Part 5 — Runbook Maintenance and Testing

A runbook that has not been exercised recently is a liability. At big-tech companies, database runbooks are owned by a named team, versioned in git, reviewed quarterly, and validated through scheduled game days. The following table defines the minimum testing cadence for this runbook:

Monthly: Verify that all monitoring alerts still fire correctly by running patronictl pause on the primary in staging and confirming that the "primary unreachable" PagerDuty alert fires within 2 minutes.
Quarterly: Full restore drill from a production pgBackRest backup to a temporary host. Record the actual wall-clock RTO and RPO and compare against the documented SLOs.
Before every major migration: Apply the migration to a production-sized staging clone. Record lock hold time. If it exceeds 500 ms, escalate to an online schema change strategy.
After every incident: Update the runbook with the actual steps taken, add any new failure mode discovered, and tag the git commit with the incident ID.

The single most important sentence in any runbook: "This procedure was last tested on [DATE] by [PERSON] and took [DURATION] to complete." If that sentence cannot be filled in, the procedure is theoretical, not operational. Every section of your runbook must carry this footer.

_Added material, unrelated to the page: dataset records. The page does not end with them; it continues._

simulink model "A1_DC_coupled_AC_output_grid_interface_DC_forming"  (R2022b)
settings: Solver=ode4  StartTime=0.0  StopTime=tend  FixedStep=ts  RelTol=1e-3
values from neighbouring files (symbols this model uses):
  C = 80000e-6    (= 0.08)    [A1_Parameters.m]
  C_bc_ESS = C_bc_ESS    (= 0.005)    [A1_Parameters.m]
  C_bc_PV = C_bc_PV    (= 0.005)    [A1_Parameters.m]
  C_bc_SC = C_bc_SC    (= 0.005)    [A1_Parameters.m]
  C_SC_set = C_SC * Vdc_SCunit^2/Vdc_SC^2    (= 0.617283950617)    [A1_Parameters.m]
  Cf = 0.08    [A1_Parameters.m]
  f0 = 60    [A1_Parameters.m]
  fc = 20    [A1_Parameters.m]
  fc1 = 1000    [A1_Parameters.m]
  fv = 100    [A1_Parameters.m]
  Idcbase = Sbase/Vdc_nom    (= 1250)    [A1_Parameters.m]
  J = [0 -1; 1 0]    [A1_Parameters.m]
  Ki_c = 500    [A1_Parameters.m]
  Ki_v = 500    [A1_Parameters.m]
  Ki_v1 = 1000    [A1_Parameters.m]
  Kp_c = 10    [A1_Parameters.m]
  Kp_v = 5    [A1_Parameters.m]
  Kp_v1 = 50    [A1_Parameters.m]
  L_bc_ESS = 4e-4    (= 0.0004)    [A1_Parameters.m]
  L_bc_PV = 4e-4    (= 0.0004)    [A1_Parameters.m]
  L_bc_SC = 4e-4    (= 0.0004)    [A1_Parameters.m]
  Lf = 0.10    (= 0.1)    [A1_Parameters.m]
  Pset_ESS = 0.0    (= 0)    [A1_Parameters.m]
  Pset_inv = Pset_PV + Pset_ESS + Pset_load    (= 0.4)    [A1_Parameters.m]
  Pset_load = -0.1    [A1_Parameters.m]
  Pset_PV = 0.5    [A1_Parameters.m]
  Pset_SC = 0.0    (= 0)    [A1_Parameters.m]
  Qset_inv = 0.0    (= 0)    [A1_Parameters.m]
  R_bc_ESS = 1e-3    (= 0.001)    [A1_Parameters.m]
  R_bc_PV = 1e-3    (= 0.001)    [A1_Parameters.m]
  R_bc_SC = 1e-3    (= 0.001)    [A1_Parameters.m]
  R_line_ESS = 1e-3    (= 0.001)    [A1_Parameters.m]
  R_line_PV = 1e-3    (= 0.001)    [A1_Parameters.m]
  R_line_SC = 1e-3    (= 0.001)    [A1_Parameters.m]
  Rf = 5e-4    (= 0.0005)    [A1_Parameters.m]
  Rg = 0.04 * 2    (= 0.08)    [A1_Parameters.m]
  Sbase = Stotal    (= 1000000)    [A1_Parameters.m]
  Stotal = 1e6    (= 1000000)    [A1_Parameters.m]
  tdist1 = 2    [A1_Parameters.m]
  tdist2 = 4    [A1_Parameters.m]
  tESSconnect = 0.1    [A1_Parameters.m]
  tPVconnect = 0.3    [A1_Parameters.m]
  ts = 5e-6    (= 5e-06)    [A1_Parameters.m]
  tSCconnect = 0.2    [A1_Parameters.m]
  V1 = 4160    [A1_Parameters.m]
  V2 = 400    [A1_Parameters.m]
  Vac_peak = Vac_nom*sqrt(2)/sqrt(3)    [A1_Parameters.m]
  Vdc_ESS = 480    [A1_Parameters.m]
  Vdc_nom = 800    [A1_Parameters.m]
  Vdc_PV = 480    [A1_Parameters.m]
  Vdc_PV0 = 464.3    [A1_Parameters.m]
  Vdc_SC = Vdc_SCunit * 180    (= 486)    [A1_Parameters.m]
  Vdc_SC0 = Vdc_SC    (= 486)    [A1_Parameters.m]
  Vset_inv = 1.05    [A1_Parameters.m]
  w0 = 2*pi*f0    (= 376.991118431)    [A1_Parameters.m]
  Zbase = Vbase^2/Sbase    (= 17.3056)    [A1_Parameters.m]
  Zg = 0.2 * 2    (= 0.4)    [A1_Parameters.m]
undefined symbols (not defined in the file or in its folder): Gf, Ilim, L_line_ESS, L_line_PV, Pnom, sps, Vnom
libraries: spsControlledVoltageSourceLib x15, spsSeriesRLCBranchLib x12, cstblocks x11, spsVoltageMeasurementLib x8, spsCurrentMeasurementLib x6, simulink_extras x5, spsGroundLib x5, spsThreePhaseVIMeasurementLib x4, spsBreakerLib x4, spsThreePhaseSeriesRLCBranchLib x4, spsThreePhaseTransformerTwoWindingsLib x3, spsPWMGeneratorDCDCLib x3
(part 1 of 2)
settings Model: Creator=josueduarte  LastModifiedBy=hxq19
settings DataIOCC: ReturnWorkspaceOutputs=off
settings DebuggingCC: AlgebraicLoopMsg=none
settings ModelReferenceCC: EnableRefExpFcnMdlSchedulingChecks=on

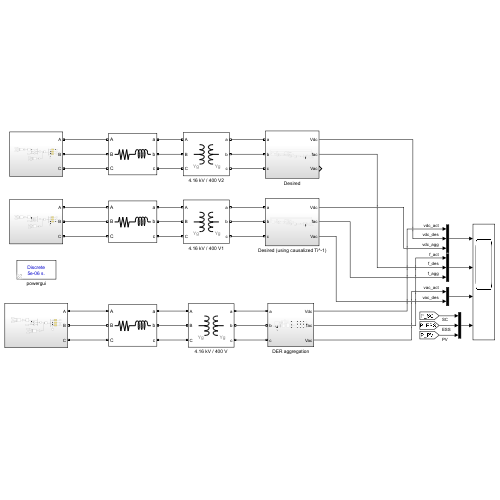
[thumbnail: Simulink's stored preview of the top-level diagram]
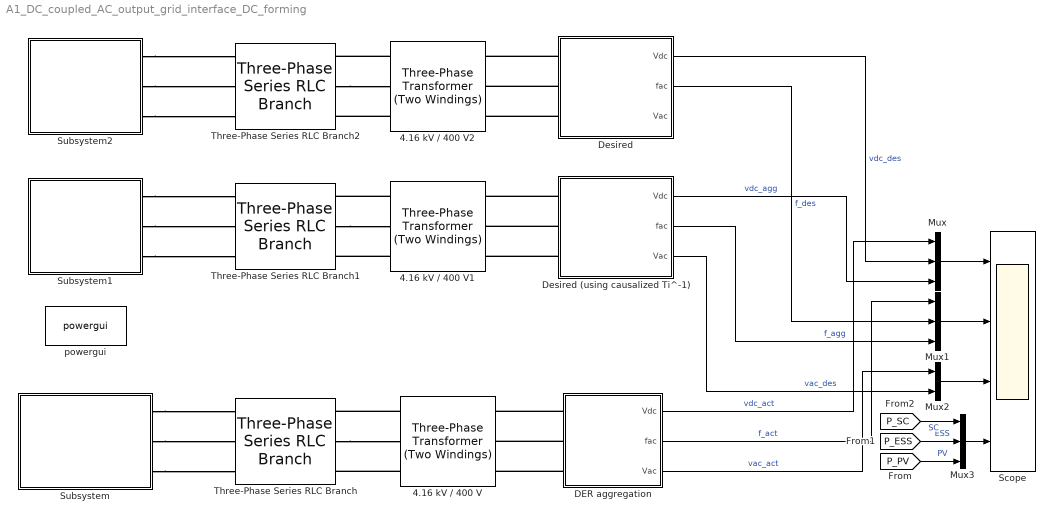
== system A1_DC_coupled_AC_output_grid_interface_DC_forming ==
  4.16 kV / 400 V : spsThreePhaseTransformerTwoWindingsLib/Three-Phase Transformer (Two Windings)  Winding1Connection=Yg  Winding2Connection=Yg  CoreType=Three single-phase transformers  SetSaturation=off  Hysteresis=off  DataFile='hysteresis'  SetInitialFlux=off  Measurements=None  UNITS=pu  NominalPower=[Stotal,f0]  Winding1=[ V1 , 0.001 , 0.03 ]  Winding2=[ V2 , 0.001 , 0.03 ]  Rm=500  Lm=inf  L0=0.5  Saturation=[ 0,0 ; 0.0024,1.2 ; 1.0,1.52 ]  InitialFluxes=[ 0.8 , -0.8 , 0.7 ]  BreakLoop=off  DiscreteSolver=Trapezoidal iterative  DataType=off  TransfoNumber=0
  4.16 kV / 400 V1 : spsThreePhaseTransformerTwoWindingsLib/Three-Phase Transformer (Two Windings)  Winding1Connection=Yg  Winding2Connection=Yg  CoreType=Three single-phase transformers  SetSaturation=off  Hysteresis=off  DataFile='hysteresis'  SetInitialFlux=off  Measurements=None  UNITS=pu  NominalPower=[Stotal,f0]  Winding1=[ V1 , 0.001 , 0.03 ]  Winding2=[ V2 , 0.001 , 0.03 ]  Rm=500  Lm=inf  L0=0.5  Saturation=[ 0,0 ; 0.0024,1.2 ; 1.0,1.52 ]  InitialFluxes=[ 0.8 , -0.8 , 0.7 ]  BreakLoop=off  DiscreteSolver=Trapezoidal iterative  DataType=off  TransfoNumber=0
  4.16 kV / 400 V2 : spsThreePhaseTransformerTwoWindingsLib/Three-Phase Transformer (Two Windings)  Winding1Connection=Yg  Winding2Connection=Yg  CoreType=Three single-phase transformers  SetSaturation=off  Hysteresis=off  DataFile='hysteresis'  SetInitialFlux=off  Measurements=None  UNITS=pu  NominalPower=[Stotal,f0]  Winding1=[ V1 , 0.001 , 0.03 ]  Winding2=[ V2 , 0.001 , 0.03 ]  Rm=500  Lm=inf  L0=0.5  Saturation=[ 0,0 ; 0.0024,1.2 ; 1.0,1.52 ]  InitialFluxes=[ 0.8 , -0.8 , 0.7 ]  BreakLoop=off  DiscreteSolver=Trapezoidal iterative  DataType=off  TransfoNumber=0
  DER aggregation : Subsystem
      settings: PortSchema="{\"entries\":[{\"content\":{\"sides\":[{\"content\":{\"connectorIds\":[\"Out1\",\"Out2\",\"Out3\"]},\"type\":\"ConnectorPlacement.EquallySpacedRectSide\",\"uuid\":\"b7b146c6-db8e-4a9c-9e78-599d288ba224\"},{\"content\":{\"connectorIds\":[\"RConn1\",\"RConn2\",\"RConn3\"],\"side\":\"RIGHT\"},\"type\":\"ConnectorPlacement.EquallySpacedRectSide\",\"uuid\":\"95d7d183-946c-4a3f-97eb-ffd2b4a90781\"},{\"content\":{\"connectorIds\":[],\"side\":\"TOP\"},\"type\":\"ConnectorPlacement.EquallySpacedRectSide\",\"uuid\":\"9b52036b-0c68-4ea6-b97f-d0d2327eba86\"}]},\"type\":\"ConnectorPlacement.EquallySpacedConnector\",\"uuid\":\"c5513f55-e830-4946-abb4-6597f92e93ee\"}],\"packageUris\":[\"http://schema.mathworks.com/mf0/Connector/R2020b\"],\"version\":\"1.0\"}"
  Desired : Subsystem
      settings: PortSchema="{\"entries\":[{\"content\":{\"sides\":[{\"content\":{\"connectorIds\":[\"Out1\",\"Out2\",\"Out3\"]},\"type\":\"ConnectorPlacement.EquallySpacedRectSide\",\"uuid\":\"d17645c7-cdec-4633-b3c6-cd15445995c3\"},{\"content\":{\"connectorIds\":[\"RConn1\",\"RConn2\",\"RConn3\"],\"side\":\"RIGHT\"},\"type\":\"ConnectorPlacement.EquallySpacedRectSide\",\"uuid\":\"25a3cf30-901e-4740-a075-3c8408526c60\"},{\"content\":{\"connectorIds\":[],\"side\":\"TOP\"},\"type\":\"ConnectorPlacement.EquallySpacedRectSide\",\"uuid\":\"8cde02ff-980e-4e20-bc67-22f4d69f4d72\"}]},\"type\":\"ConnectorPlacement.EquallySpacedConnector\",\"uuid\":\"2536287c-4269-40cd-b41b-6d4dfba348bd\"}],\"packageUris\":[\"http://schema.mathworks.com/mf0/Connector/R2020b\"],\"version\":\"1.0\"}"
  Desired (using causalized Ti^-1) : Subsystem
      settings: PortSchema="{\"entries\":[{\"content\":{\"sides\":[{\"content\":{\"connectorIds\":[\"Out1\",\"Out2\",\"Out3\"]},\"type\":\"ConnectorPlacement.EquallySpacedRectSide\",\"uuid\":\"d17645c7-cdec-4633-b3c6-cd15445995c3\"},{\"content\":{\"connectorIds\":[\"RConn1\",\"RConn2\",\"RConn3\"],\"side\":\"RIGHT\"},\"type\":\"ConnectorPlacement.EquallySpacedRectSide\",\"uuid\":\"25a3cf30-901e-4740-a075-3c8408526c60\"},{\"content\":{\"connectorIds\":[],\"side\":\"TOP\"},\"type\":\"ConnectorPlacement.EquallySpacedRectSide\",\"uuid\":\"8cde02ff-980e-4e20-bc67-22f4d69f4d72\"}]},\"type\":\"ConnectorPlacement.EquallySpacedConnector\",\"uuid\":\"2536287c-4269-40cd-b41b-6d4dfba348bd\"}],\"packageUris\":[\"http://schema.mathworks.com/mf0/Connector/R2020b\"],\"version\":\"1.0\"}"
  Mux : Mux  Inputs=3
  Mux1 : Mux  Inputs=3
  Mux2 : Mux  Inputs=2
  Mux3 : Mux  Inputs=3
  Scope : Scope  NumInputPorts=4
  Subsystem : Subsystem
  Subsystem1 : Subsystem
  Subsystem2 : Subsystem
  Three-Phase Series RLC Branch : spsThreePhaseSeriesRLCBranchLib/Three-Phase Series RLC Branch  LConnTagsString=A|B|C  RConnTagsString=A|B|C  BranchType=RL  Resistance=Rg*Zbase  Inductance=Zg*Zbase/w0  Capacitance=1e-6  Measurements=None
  Three-Phase Series RLC Branch1 : spsThreePhaseSeriesRLCBranchLib/Three-Phase Series RLC Branch  LConnTagsString=A|B|C  RConnTagsString=A|B|C  BranchType=RL  Resistance=Rg*Zbase  Inductance=Zg*Zbase/w0  Capacitance=1e-6  Measurements=None
  Three-Phase Series RLC Branch2 : spsThreePhaseSeriesRLCBranchLib/Three-Phase Series RLC Branch  LConnTagsString=A|B|C  RConnTagsString=A|B|C  BranchType=RL  Resistance=Rg*Zbase  Inductance=Zg*Zbase/w0  Capacitance=1e-6  Measurements=None
  powergui : spspowerguiLib/powergui  Priority=1  SimulationMode=Discrete  SampleTime=ts  frequency=60  Iterations=50  frequencyindice=0  Pbase=100e6  ErrMax=1e-4  UnitsV=kV  UnitsW=MW  buscounter=0  FunctionMessages=off  echomessages=off  EnableUseOfTLC=off  CurrentSourceSwitches=off  DisableSnubberDevices=off  DisableRonSwitches=off  DisableVfSwitches=off  DisplayEquations=off  AutomaticDiscreteSolvers=off  SolverType=Tustin/Backward Euler (TBE)  Interpol=off  ExternalGateDelay=off  methode=off  Ts=100  x0status=blocks  SPID=on  SwTol=0  HookPort=off  NonlinearTolerance=1e-4  nMaxIteration=100  ContinueOnMaxIteration=off  RestoreLinks=warning  ResistiveCurrentMeasurement=off  Frange=[0:2:500]  Ylog=off  Xlog=on  ShowGrid=off  save=off  variable=ZData  structure=0  ZoomFFT=off  StartTime=0.0  cycles=1  DisplayStyle=1  fundamental=60  FreqAxis=off  MaxFrequency=1000  frequencyindicesteady=1  RmsSteady=1  display=off
  wires:
  DER aggregation/3(Vac) -> Mux2/1  "vac_act"
  DER aggregation/2(fac) -> Mux1/1  "f_act"
  DER aggregation/1(Vdc) -> Mux/1  "vdc_act"
  Mux2/1 -> Scope/3
  Mux1/1 -> Scope/2
  Mux/1 -> Scope/1
  Desired (using causalized Ti^-1)/1(Vdc) -> Mux/3  "vdc_agg"
  Desired (using causalized Ti^-1)/2(fac) -> Mux1/3  "f_agg"
  Desired (using causalized Ti^-1)/3(Vac) -> Mux2/2  "vac_des"
  Mux3/1 -> Scope/4
  [P_ESS] -> Mux3/2  "ESS"
  Desired/1(Vdc) -> Mux/2  "vdc_des"
  Desired/2(fac) -> Mux1/2  "f_des"
  [P_PV] -> Mux3/3  "PV"
  [P_SC] -> Mux3/1  "SC"
  connections:
  Subsystem/RConn1 -- Three-Phase Series RLC Branch/LConn1
  Subsystem/RConn2 -- Three-Phase Series RLC Branch/LConn2
  Subsystem/RConn3 -- Three-Phase Series RLC Branch/LConn3
  4.16 kV / 400 V/LConn1 -- Three-Phase Series RLC Branch/RConn1
  Three-Phase Series RLC Branch/RConn2 -- 4.16 kV / 400 V/LConn2
  4.16 kV / 400 V/LConn3 -- Three-Phase Series RLC Branch/RConn3
  4.16 kV / 400 V1/LConn1 -- Three-Phase Series RLC Branch1/RConn1
  Subsystem1/RConn1 -- Three-Phase Series RLC Branch1/LConn1
  Subsystem1/RConn2 -- Three-Phase Series RLC Branch1/LConn2
  Subsystem1/RConn3 -- Three-Phase Series RLC Branch1/LConn3
  4.16 kV / 400 V1/LConn3 -- Three-Phase Series RLC Branch1/RConn3
  Three-Phase Series RLC Branch1/RConn2 -- 4.16 kV / 400 V1/LConn2
  Three-Phase Series RLC Branch2/RConn2 -- 4.16 kV / 400 V2/LConn2
  4.16 kV / 400 V2/LConn3 -- Three-Phase Series RLC Branch2/RConn3
  Subsystem2/RConn3 -- Three-Phase Series RLC Branch2/LConn3
  Subsystem2/RConn2 -- Three-Phase Series RLC Branch2/LConn2
  Subsystem2/RConn1 -- Three-Phase Series RLC Branch2/LConn1
  4.16 kV / 400 V2/LConn1 -- Three-Phase Series RLC Branch2/RConn1
  DER aggregation/RConn1 -- 4.16 kV / 400 V/RConn1
  DER aggregation/RConn2 -- 4.16 kV / 400 V/RConn2
  DER aggregation/RConn3 -- 4.16 kV / 400 V/RConn3
  Desired/RConn1 -- 4.16 kV / 400 V2/RConn1
  Desired/RConn2 -- 4.16 kV / 400 V2/RConn2
  Desired/RConn3 -- 4.16 kV / 400 V2/RConn3
  Desired (using causalized Ti^-1)/RConn1 -- 4.16 kV / 400 V1/RConn1
  Desired (using causalized Ti^-1)/RConn2 -- 4.16 kV / 400 V1/RConn2
  Desired (using causalized Ti^-1)/RConn3 -- 4.16 kV / 400 V1/RConn3

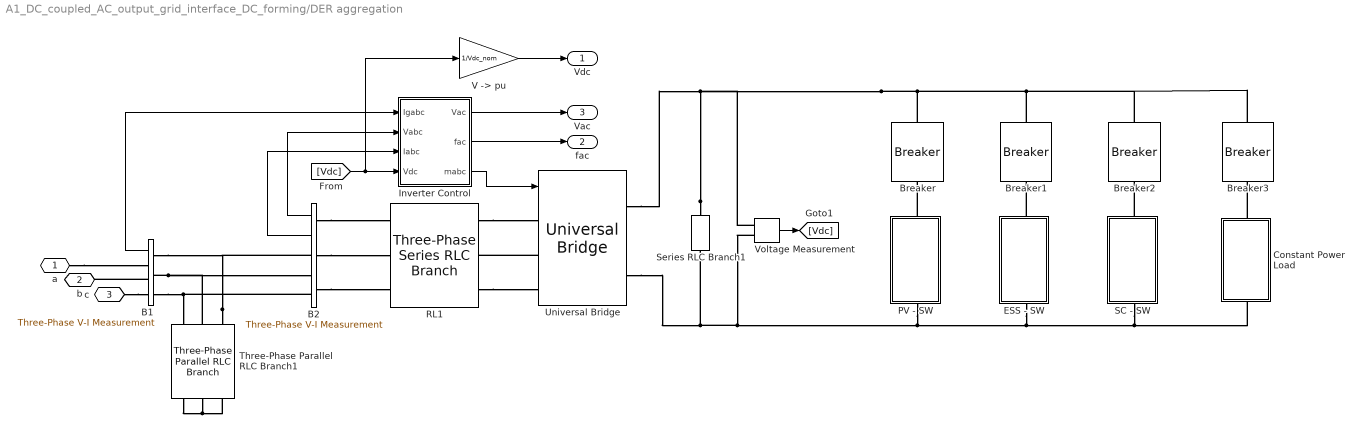
== system A1_DC_coupled_AC_output_grid_interface_DC_forming/DER aggregation ==
  B1 : spsThreePhaseVIMeasurementLib/Three-Phase V-I Measurement  VoltageMeasurement=no  SetLabelV=off  LabelV=Vabc_B1  Vpu=off  VpuLL=off  CurrentMeasurement=yes  SetLabelI=off  LabelI=Iabc_B1  Ipu=off  Pbase=100e6  Vbase=500e3  OutputType=Magnitude  PhasorSimulation=off  PSBequivalent=0
  B2 : spsThreePhaseVIMeasurementLib/Three-Phase V-I Measurement  VoltageMeasurement=phase-to-ground  SetLabelV=off  LabelV=Vabc_B1  Vpu=off  VpuLL=off  CurrentMeasurement=yes  SetLabelI=off  LabelI=Iabc_B1  Ipu=off  Pbase=100e6  Vbase=500e3  OutputType=Magnitude  PhasorSimulation=off  PSBequivalent=0
  Breaker : spsBreakerLib/Breaker  InitialState=0  SwitchingTimes=tPVconnect  External=off  BreakerResistance=1e-6  SnubberResistance=1e6  SnubberCapacitance=inf  Measurements=None  MoreParameters=on  NoBreakLoop=off
  Breaker1 : spsBreakerLib/Breaker  InitialState=0  SwitchingTimes=tESSconnect  External=off  BreakerResistance=1e-6  SnubberResistance=1e6  SnubberCapacitance=inf  Measurements=None  MoreParameters=on  NoBreakLoop=off
  Breaker2 : spsBreakerLib/Breaker  InitialState=0  SwitchingTimes=tSCconnect  External=off  BreakerResistance=1e-6  SnubberResistance=1e6  SnubberCapacitance=inf  Measurements=None  MoreParameters=on  NoBreakLoop=off
  Breaker3 : spsBreakerLib/Breaker  InitialState=0  SwitchingTimes=tLoadconnect  External=off  BreakerResistance=1e-6  SnubberResistance=1e6  SnubberCapacitance=inf  Measurements=None  MoreParameters=on  NoBreakLoop=off
  Constant Power Load : Subsystem
      settings: PortSchema="{\"entries\":[{\"content\":{\"sides\":[{\"content\":{\"connectorIds\":[]},\"type\":\"ConnectorPlacement.EquallySpacedRectSide\",\"uuid\":\"d64f8841-075a-4592-9721-07346c3eedde\"},{\"content\":{\"connectorIds\":[],\"side\":\"RIGHT\"},\"type\":\"ConnectorPlacement.EquallySpacedRectSide\",\"uuid\":\"f70d4421-2220-4657-8c99-8abb3184730b\"},{\"content\":{\"connectorIds\":[\"LConn1\"],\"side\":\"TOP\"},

Congratulations on completing the Databases in Production tutorial. You now hold the full operator toolkit: you can design and validate HA topologies, write and test backup procedures, apply zero-downtime schema changes, manage connection pools under load, instrument every critical metric, and — critically — act from a runbook rather than instinct when the alert fires at 2 AM. That is the difference between surviving production and mastering it.